--- Dataset content ---

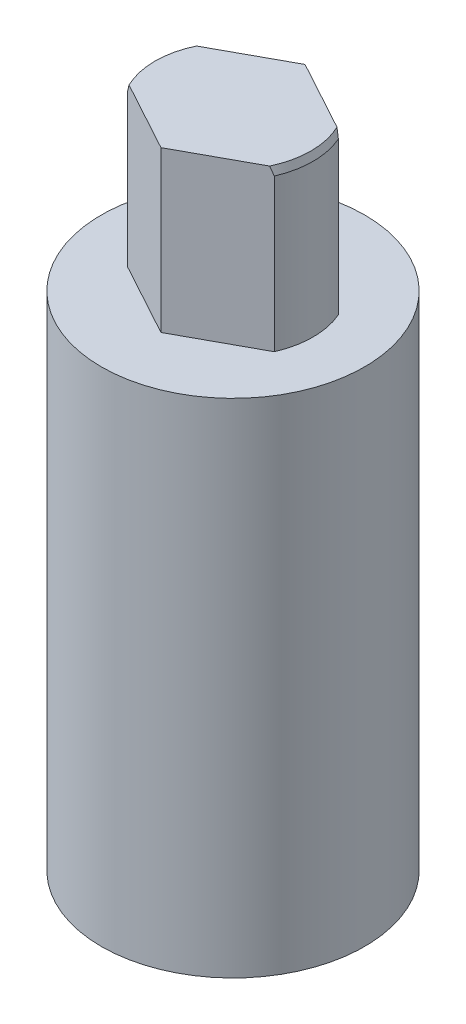
ISO-10303-21;
HEADER;
FILE_DESCRIPTION(('STEP AP214'),'2;1');
FILE_NAME('part.step','',(''),(''),'','','');
FILE_SCHEMA(('AUTOMOTIVE_DESIGN { 1 0 10303 214 1 1 1 1 }'));
ENDSEC;
DATA;
#1=APPLICATION_CONTEXT('core data for automotive mechanical design processes');
#2=APPLICATION_PROTOCOL_DEFINITION('international standard','automotive_design',2000,#1);
#3=PRODUCT_CONTEXT('',#1,'mechanical');
#4=PRODUCT('Part','Part','',(#3));
#5=PRODUCT_RELATED_PRODUCT_CATEGORY('part','',(#4));
#6=PRODUCT_DEFINITION_FORMATION('','',#4);
#7=PRODUCT_DEFINITION_CONTEXT('part definition',#1,'design');
#8=PRODUCT_DEFINITION('design','',#6,#7);
#9=PRODUCT_DEFINITION_SHAPE('','',#8);
#10=(LENGTH_UNIT() NAMED_UNIT(*) SI_UNIT(.MILLI.,.METRE.));
#11=(NAMED_UNIT(*) PLANE_ANGLE_UNIT() SI_UNIT($,.RADIAN.));
#12=(NAMED_UNIT(*) SI_UNIT($,.STERADIAN.) SOLID_ANGLE_UNIT());
#13=UNCERTAINTY_MEASURE_WITH_UNIT(LENGTH_MEASURE(1.E-05),#10,'distance_accuracy_value','');
#14=(GEOMETRIC_REPRESENTATION_CONTEXT(3) GLOBAL_UNCERTAINTY_ASSIGNED_CONTEXT((#13)) GLOBAL_UNIT_ASSIGNED_CONTEXT((#10,
#11,#12)) REPRESENTATION_CONTEXT('',''));
#15=CARTESIAN_POINT('',(0.,0.,0.));
#16=DIRECTION('',(0.,0.,1.));
#17=DIRECTION('',(1.,0.,0.));
#18=AXIS2_PLACEMENT_3D('',#15,#16,#17);
#19=CARTESIAN_POINT('',(0.,20.174241,0.));
#20=DIRECTION('',(0.,-1.,0.));
#21=DIRECTION('',(0.,0.,-1.));
#22=AXIS2_PLACEMENT_3D('',#19,#20,#21);
#23=CYLINDRICAL_SURFACE('',#22,10.0871205);
#24=DIRECTION('',(0.,1.,0.));
#25=VECTOR('',#24,1.);
#26=CARTESIAN_POINT('',(-9.24499864707816,0.,-4.0348482));
#27=LINE('',#26,#25);
#28=CARTESIAN_POINT('',(-9.24499864707816,0.,-4.0348482));
#29=VERTEX_POINT('',#28);
#30=CARTESIAN_POINT('',(-9.24499864707816,19.174241,-4.0348482));
#31=VERTEX_POINT('',#30);
#32=EDGE_CURVE('E131',#29,#31,#27,.T.);
#33=ORIENTED_EDGE('',*,*,#32,.F.);
#34=CARTESIAN_POINT('',(0.,0.,0.));
#35=DIRECTION('',(0.,-1.,0.));
#36=DIRECTION('',(0.,0.,-1.));
#37=AXIS2_PLACEMENT_3D('',#34,#35,#36);
#38=CIRCLE('',#37,10.0871205);
#39=CARTESIAN_POINT('',(-9.24499864707816,0.,4.0348482));
#40=VERTEX_POINT('',#39);
#41=EDGE_CURVE('E125',#40,#29,#38,.T.);
#42=ORIENTED_EDGE('',*,*,#41,.F.);
#43=DIRECTION('',(0.,1.,0.));
#44=VECTOR('',#43,1.);
#45=CARTESIAN_POINT('',(-9.24499864707816,0.,4.0348482));
#46=LINE('',#45,#44);
#47=CARTESIAN_POINT('',(-9.24499864707816,19.174241,4.0348482));
#48=VERTEX_POINT('',#47);
#49=EDGE_CURVE('E108',#40,#48,#46,.T.);
#50=ORIENTED_EDGE('',*,*,#49,.T.);
#51=CARTESIAN_POINT('',(0.,19.174241,0.));
#52=DIRECTION('',(0.,1.,0.));
#53=DIRECTION('',(0.,0.,1.));
#54=AXIS2_PLACEMENT_3D('',#51,#52,#53);
#55=CIRCLE('',#54,10.0871205);
#56=EDGE_CURVE('E145',#48,#31,#55,.F.);
#57=ORIENTED_EDGE('',*,*,#56,.T.);
#58=EDGE_LOOP('',(#33,#42,#50,#57));
#59=FACE_BOUND('',#58,.T.);
#60=ADVANCED_FACE('F38',(#59),#23,.T.);
#61=DIRECTION('',(0.,1.,0.));
#62=VECTOR('',#61,1.);
#63=CARTESIAN_POINT('',(9.24499864707816,0.,-4.0348482));
#64=LINE('',#63,#62);
#65=CARTESIAN_POINT('',(9.24499864707816,0.,-4.0348482));
#66=VERTEX_POINT('',#65);
#67=CARTESIAN_POINT('',(9.24499864707816,19.174241,-4.0348482));
#68=VERTEX_POINT('',#67);
#69=EDGE_CURVE('E191',#66,#68,#64,.T.);
#70=ORIENTED_EDGE('',*,*,#69,.T.);
#71=CARTESIAN_POINT('',(9.24499864707816,19.174241,4.0348482));
#72=VERTEX_POINT('',#71);
#73=EDGE_CURVE('E144',#68,#72,#55,.F.);
#74=ORIENTED_EDGE('',*,*,#73,.T.);
#75=DIRECTION('',(0.,1.,0.));
#76=VECTOR('',#75,1.);
#77=CARTESIAN_POINT('',(9.24499864707816,0.,4.0348482));
#78=LINE('',#77,#76);
#79=CARTESIAN_POINT('',(9.24499864707816,0.,4.0348482));
#80=VERTEX_POINT('',#79);
#81=EDGE_CURVE('E197',#80,#72,#78,.T.);
#82=ORIENTED_EDGE('',*,*,#81,.F.);
#83=EDGE_CURVE('E132',#66,#80,#38,.T.);
#84=ORIENTED_EDGE('',*,*,#83,.F.);
#85=EDGE_LOOP('',(#70,#74,#82,#84));
#86=FACE_BOUND('',#85,.T.);
#87=ADVANCED_FACE('F179',(#86),#23,.T.);
#88=CARTESIAN_POINT('',(0.,20.174241,0.));
#89=DIRECTION('',(0.,1.,0.));
#90=DIRECTION('',(0.,0.,1.));
#91=AXIS2_PLACEMENT_3D('',#88,#89,#90);
#92=PLANE('',#91);
#93=DIRECTION('',(-0.877862290928858,0.,-0.478913142610576));
#94=VECTOR('',#93,1.);
#95=CARTESIAN_POINT('',(9.24499864707816,20.174241,-4.0348482));
#96=LINE('',#95,#94);
#97=CARTESIAN_POINT('',(8.85216261350672,20.174241,-4.24915782613659));
#98=VERTEX_POINT('',#97);
#99=CARTESIAN_POINT('',(0.,20.174241,-9.07840845));
#100=VERTEX_POINT('',#99);
#101=EDGE_CURVE('E67',#98,#100,#96,.T.);
#102=ORIENTED_EDGE('',*,*,#101,.T.);
#103=DIRECTION('',(-0.877862290928858,0.,0.478913142610576));
#104=VECTOR('',#103,1.);
#105=CARTESIAN_POINT('',(-9.24499864707816,20.174241,-4.0348482));
#106=LINE('',#105,#104);
#107=CARTESIAN_POINT('',(-8.85216261350673,20.174241,-4.24915782613658));
#108=VERTEX_POINT('',#107);
#109=EDGE_CURVE('E128',#100,#108,#106,.T.);
#110=ORIENTED_EDGE('',*,*,#109,.T.);
#111=CARTESIAN_POINT('',(0.,20.174241,0.));
#112=DIRECTION('',(0.,1.,0.));
#113=DIRECTION('',(0.,0.,1.));
#114=AXIS2_PLACEMENT_3D('',#111,#112,#113);
#115=CIRCLE('',#114,9.81917130756888);
#116=CARTESIAN_POINT('',(-8.85216261350673,20.174241,4.24915782613659));
#117=VERTEX_POINT('',#116);
#118=EDGE_CURVE('E135',#108,#117,#115,.T.);
#119=ORIENTED_EDGE('',*,*,#118,.T.);
#120=DIRECTION('',(0.877862290928858,0.,0.478913142610576));
#121=VECTOR('',#120,1.);
#122=CARTESIAN_POINT('',(0.,20.174241,9.07840845));
#123=LINE('',#122,#121);
#124=CARTESIAN_POINT('',(0.,20.174241,9.07840845));
#125=VERTEX_POINT('',#124);
#126=EDGE_CURVE('E59',#117,#125,#123,.T.);
#127=ORIENTED_EDGE('',*,*,#126,.T.);
#128=DIRECTION('',(0.877862290928858,0.,-0.478913142610576));
#129=VECTOR('',#128,1.);
#130=CARTESIAN_POINT('',(0.,20.174241,9.07840845));
#131=LINE('',#130,#129);
#132=CARTESIAN_POINT('',(8.85216261350672,20.174241,4.24915782613659));
#133=VERTEX_POINT('',#132);
#134=EDGE_CURVE('E224',#125,#133,#131,.T.);
#135=ORIENTED_EDGE('',*,*,#134,.T.);
#136=EDGE_CURVE('E141',#133,#98,#115,.T.);
#137=ORIENTED_EDGE('',*,*,#136,.T.);
#138=EDGE_LOOP('',(#102,#110,#119,#127,#135,#137));
#139=FACE_BOUND('',#138,.T.);
#140=ADVANCED_FACE('F177',(#139),#92,.T.);
#141=CARTESIAN_POINT('',(0.,20.174241,0.));
#142=DIRECTION('',(0.,-1.,0.));
#143=DIRECTION('',(0.,0.,-1.));
#144=AXIS2_PLACEMENT_3D('',#141,#142,#143);
#145=CONICAL_SURFACE('',#144,9.81917130756888,0.261799387799152);
#146=ORIENTED_EDGE('',*,*,#118,.F.);
#147=CARTESIAN_POINT('',(-8.85208207999155,20.174441,-4.24920176077102));
#148=CARTESIAN_POINT('',(-8.91889550438962,20.0083777009909,-4.21275204949205));
#149=CARTESIAN_POINT('',(-8.98505166783165,19.8419793620903,-4.17666090346098));
#150=CARTESIAN_POINT('',(-9.1160494372309,19.5085126950598,-4.10519576130117));
#151=CARTESIAN_POINT('',(-9.18089104390203,19.3414443672938,-4.06982176478295));
#152=CARTESIAN_POINT('',(-9.24507539033106,19.1740410000003,-4.03480633312316));
#153=B_SPLINE_CURVE_WITH_KNOTS('',3,(#147,#148,#149,#150,#151,#152),.UNSPECIFIED.,.F.,.F.,(4,2,
4),(0.,0.548004145740498,1.09600799385742),.UNSPECIFIED.);
#154=EDGE_CURVE('E12',#108,#31,#153,.T.);
#155=ORIENTED_EDGE('',*,*,#154,.T.);
#156=ORIENTED_EDGE('',*,*,#56,.F.);
#157=CARTESIAN_POINT('',(-9.24507539033058,19.174041,4.03480633312342));
#158=CARTESIAN_POINT('',(-9.1808910439017,19.3414443672936,4.06982176478313));
#159=CARTESIAN_POINT('',(-9.11604943723073,19.5085126950597,4.10519576130126));
#160=CARTESIAN_POINT('',(-8.98505166783183,19.8419793620903,4.17666090346089));
#161=CARTESIAN_POINT('',(-8.91889550438998,20.0083777009911,4.21275204949186));
#162=CARTESIAN_POINT('',(-8.8520820799921,20.1744410000003,4.24920176077072));
#163=B_SPLINE_CURVE_WITH_KNOTS('',3,(#157,#158,#159,#160,#161,#162),.UNSPECIFIED.,.F.,.F.,(4,2,
4),(0.,0.54800384811692,1.09600799385742),.UNSPECIFIED.);
#164=EDGE_CURVE('E112',#48,#117,#163,.T.);
#165=ORIENTED_EDGE('',*,*,#164,.T.);
#166=EDGE_LOOP('',(#146,#155,#156,#165));
#167=FACE_BOUND('',#166,.T.);
#168=ADVANCED_FACE('F40',(#167),#145,.T.);
#169=ORIENTED_EDGE('',*,*,#73,.F.);
#170=CARTESIAN_POINT('',(9.24507539033058,19.174041,-4.03480633312342));
#171=CARTESIAN_POINT('',(9.1808910439017,19.3414443672936,-4.06982176478314));
#172=CARTESIAN_POINT('',(9.11604943723073,19.5085126950597,-4.10519576130127));
#173=CARTESIAN_POINT('',(8.98505166783182,19.8419793620904,-4.17666090346089));
#174=CARTESIAN_POINT('',(8.91889550438997,20.0083777009911,-4.21275204949186));
#175=CARTESIAN_POINT('',(8.8520820799921,20.1744410000003,-4.24920176077072));
#176=B_SPLINE_CURVE_WITH_KNOTS('',3,(#170,#171,#172,#173,#174,#175),.UNSPECIFIED.,.F.,.F.,(4,2,
4),(0.,0.548003848116923,1.09600799385741),.UNSPECIFIED.);
#177=EDGE_CURVE('E52',#68,#98,#176,.T.);
#178=ORIENTED_EDGE('',*,*,#177,.T.);
#179=ORIENTED_EDGE('',*,*,#136,.F.);
#180=CARTESIAN_POINT('',(8.85208207999155,20.174441,4.24920176077103));
#181=CARTESIAN_POINT('',(8.91889550438962,20.0083777009909,4.21275204949206));
#182=CARTESIAN_POINT('',(8.98505166783165,19.8419793620903,4.17666090346099));
#183=CARTESIAN_POINT('',(9.1160494372309,19.5085126950598,4.10519576130117));
#184=CARTESIAN_POINT('',(9.18089104390203,19.3414443672938,4.06982176478296));
#185=CARTESIAN_POINT('',(9.24507539033106,19.1740410000003,4.03480633312316));
#186=B_SPLINE_CURVE_WITH_KNOTS('',3,(#180,#181,#182,#183,#184,#185),.UNSPECIFIED.,.F.,.F.,(4,2,
4),(0.,0.548004145740498,1.09600799385742),.UNSPECIFIED.);
#187=EDGE_CURVE('E153',#133,#72,#186,.T.);
#188=ORIENTED_EDGE('',*,*,#187,.T.);
#189=EDGE_LOOP('',(#169,#178,#179,#188));
#190=FACE_BOUND('',#189,.T.);
#191=ADVANCED_FACE('F172',(#190),#145,.T.);
#192=CARTESIAN_POINT('',(0.,0.,0.));
#193=DIRECTION('',(0.,-1.,0.));
#194=DIRECTION('',(0.,0.,-1.));
#195=AXIS2_PLACEMENT_3D('',#192,#193,#194);
#196=PLANE('',#195);
#197=CARTESIAN_POINT('',(0.,0.,0.));
#198=DIRECTION('',(0.,-1.,0.));
#199=DIRECTION('',(0.,0.,-1.));
#200=AXIS2_PLACEMENT_3D('',#197,#198,#199);
#201=CIRCLE('',#200,16.5871205);
#202=CARTESIAN_POINT('',(0.,0.,-16.5871205));
#203=VERTEX_POINT('',#202);
#204=EDGE_CURVE('E137',#203,#203,#201,.T.);
#205=ORIENTED_EDGE('',*,*,#204,.F.);
#206=EDGE_LOOP('',(#205));
#207=FACE_BOUND('',#206,.T.);
#208=ORIENTED_EDGE('',*,*,#83,.T.);
#209=DIRECTION('',(0.877862290928858,0.,-0.478913142610576));
#210=VECTOR('',#209,1.);
#211=CARTESIAN_POINT('',(0.,0.,9.07840845));
#212=LINE('',#211,#210);
#213=CARTESIAN_POINT('',(0.,0.,9.07840845));
#214=VERTEX_POINT('',#213);
#215=EDGE_CURVE('E126',#214,#80,#212,.T.);
#216=ORIENTED_EDGE('',*,*,#215,.F.);
#217=DIRECTION('',(0.877862290928858,0.,0.478913142610576));
#218=VECTOR('',#217,1.);
#219=CARTESIAN_POINT('',(0.,0.,9.07840845));
#220=LINE('',#219,#218);
#221=EDGE_CURVE('E111',#40,#214,#220,.T.);
#222=ORIENTED_EDGE('',*,*,#221,.F.);
#223=ORIENTED_EDGE('',*,*,#41,.T.);
#224=DIRECTION('',(-0.877862290928858,0.,0.478913142610576));
#225=VECTOR('',#224,1.);
#226=CARTESIAN_POINT('',(-9.24499864707816,0.,-4.0348482));
#227=LINE('',#226,#225);
#228=CARTESIAN_POINT('',(0.,0.,-9.07840845));
#229=VERTEX_POINT('',#228);
#230=EDGE_CURVE('E118',#229,#29,#227,.T.);
#231=ORIENTED_EDGE('',*,*,#230,.F.);
#232=DIRECTION('',(-0.877862290928858,0.,-0.478913142610576));
#233=VECTOR('',#232,1.);
#234=CARTESIAN_POINT('',(9.24499864707816,0.,-4.0348482));
#235=LINE('',#234,#233);
#236=EDGE_CURVE('E234',#66,#229,#235,.T.);
#237=ORIENTED_EDGE('',*,*,#236,.F.);
#238=EDGE_LOOP('',(#208,#216,#222,#223,#231,#237));
#239=FACE_BOUND('',#238,.T.);
#240=ADVANCED_FACE('F123',(#207,#239),#196,.F.);
#241=CARTESIAN_POINT('',(0.,-63.26,0.));
#242=DIRECTION('',(0.,1.,0.));
#243=DIRECTION('',(0.,0.,1.));
#244=AXIS2_PLACEMENT_3D('',#241,#242,#243);
#245=CYLINDRICAL_SURFACE('',#244,16.5871205);
#246=CARTESIAN_POINT('',(0.,-63.26,0.));
#247=DIRECTION('',(0.,-1.,0.));
#248=DIRECTION('',(0.,0.,-1.));
#249=AXIS2_PLACEMENT_3D('',#246,#247,#248);
#250=CIRCLE('',#249,16.5871205);
#251=CARTESIAN_POINT('',(0.,-63.26,-16.5871205));
#252=VERTEX_POINT('',#251);
#253=EDGE_CURVE('E133',#252,#252,#250,.T.);
#254=ORIENTED_EDGE('',*,*,#253,.F.);
#255=EDGE_LOOP('',(#254));
#256=FACE_BOUND('',#255,.T.);
#257=ORIENTED_EDGE('',*,*,#204,.T.);
#258=EDGE_LOOP('',(#257));
#259=FACE_BOUND('',#258,.T.);
#260=ADVANCED_FACE('F168',(#256,#259),#245,.T.);
#261=CARTESIAN_POINT('',(0.,-63.26,0.));
#262=DIRECTION('',(0.,-1.,0.));
#263=DIRECTION('',(0.,0.,-1.));
#264=AXIS2_PLACEMENT_3D('',#261,#262,#263);
#265=PLANE('',#264);
#266=ORIENTED_EDGE('',*,*,#253,.T.);
#267=EDGE_LOOP('',(#266));
#268=FACE_BOUND('',#267,.T.);
#269=ADVANCED_FACE('F163',(#268),#265,.T.);
#270=CARTESIAN_POINT('',(0.,0.,9.07840845));
#271=DIRECTION('',(-0.478913142610576,0.,0.877862290928858));
#272=DIRECTION('',(0.877862290928858,0.,0.478913142610576));
#273=AXIS2_PLACEMENT_3D('',#270,#271,#272);
#274=PLANE('',#273);
#275=ORIENTED_EDGE('',*,*,#49,.F.);
#276=ORIENTED_EDGE('',*,*,#221,.T.);
#277=DIRECTION('',(0.,1.,0.));
#278=VECTOR('',#277,1.);
#279=CARTESIAN_POINT('',(0.,0.,9.07840845));
#280=LINE('',#279,#278);
#281=EDGE_CURVE('E117',#214,#125,#280,.T.);
#282=ORIENTED_EDGE('',*,*,#281,.T.);
#283=ORIENTED_EDGE('',*,*,#126,.F.);
#284=ORIENTED_EDGE('',*,*,#164,.F.);
#285=EDGE_LOOP('',(#275,#276,#282,#283,#284));
#286=FACE_BOUND('',#285,.T.);
#287=ADVANCED_FACE('F110',(#286),#274,.T.);
#288=CARTESIAN_POINT('',(0.,0.,9.07840845));
#289=DIRECTION('',(0.478913142610576,0.,0.877862290928858));
#290=DIRECTION('',(0.877862290928858,0.,-0.478913142610576));
#291=AXIS2_PLACEMENT_3D('',#288,#289,#290);
#292=PLANE('',#291);
#293=ORIENTED_EDGE('',*,*,#134,.F.);
#294=ORIENTED_EDGE('',*,*,#281,.F.);
#295=ORIENTED_EDGE('',*,*,#215,.T.);
#296=ORIENTED_EDGE('',*,*,#81,.T.);
#297=ORIENTED_EDGE('',*,*,#187,.F.);
#298=EDGE_LOOP('',(#293,#294,#295,#296,#297));
#299=FACE_BOUND('',#298,.T.);
#300=ADVANCED_FACE('F162',(#299),#292,.T.);
#301=CARTESIAN_POINT('',(-9.24499864707816,0.,-4.0348482));
#302=DIRECTION('',(-0.478913142610576,0.,-0.877862290928858));
#303=DIRECTION('',(-0.877862290928858,0.,0.478913142610576));
#304=AXIS2_PLACEMENT_3D('',#301,#302,#303);
#305=PLANE('',#304);
#306=ORIENTED_EDGE('',*,*,#109,.F.);
#307=DIRECTION('',(0.,1.,0.));
#308=VECTOR('',#307,1.);
#309=CARTESIAN_POINT('',(0.,0.,-9.07840845));
#310=LINE('',#309,#308);
#311=EDGE_CURVE('E196',#229,#100,#310,.T.);
#312=ORIENTED_EDGE('',*,*,#311,.F.);
#313=ORIENTED_EDGE('',*,*,#230,.T.);
#314=ORIENTED_EDGE('',*,*,#32,.T.);
#315=ORIENTED_EDGE('',*,*,#154,.F.);
#316=EDGE_LOOP('',(#306,#312,#313,#314,#315));
#317=FACE_BOUND('',#316,.T.);
#318=ADVANCED_FACE('F212',(#317),#305,.T.);
#319=CARTESIAN_POINT('',(9.24499864707816,0.,-4.0348482));
#320=DIRECTION('',(0.478913142610576,0.,-0.877862290928858));
#321=DIRECTION('',(-0.877862290928858,0.,-0.478913142610576));
#322=AXIS2_PLACEMENT_3D('',#319,#320,#321);
#323=PLANE('',#322);
#324=ORIENTED_EDGE('',*,*,#69,.F.);
#325=ORIENTED_EDGE('',*,*,#236,.T.);
#326=ORIENTED_EDGE('',*,*,#311,.T.);
#327=ORIENTED_EDGE('',*,*,#101,.F.);
#328=ORIENTED_EDGE('',*,*,#177,.F.);
#329=EDGE_LOOP('',(#324,#325,#326,#327,#328));
#330=FACE_BOUND('',#329,.T.);
#331=ADVANCED_FACE('F209',(#330),#323,.T.);
#332=CLOSED_SHELL('',(#60,#87,#140,#168,#191,#240,#260,#269,#287,#300,#318,#331));
#333=MANIFOLD_SOLID_BREP('B2',#332);
#334=ADVANCED_BREP_SHAPE_REPRESENTATION('',(#18,#333),#14);
#335=SHAPE_DEFINITION_REPRESENTATION(#9,#334);
ENDSEC;
END-ISO-10303-21;

---

• Activity
Your answer should consist of every line from the entries that holds "mechanical".

• Task result
#1=APPLICATION_CONTEXT('core data for automotive mechanical design processes');
#3=PRODUCT_CONTEXT('',#1,'mechanical');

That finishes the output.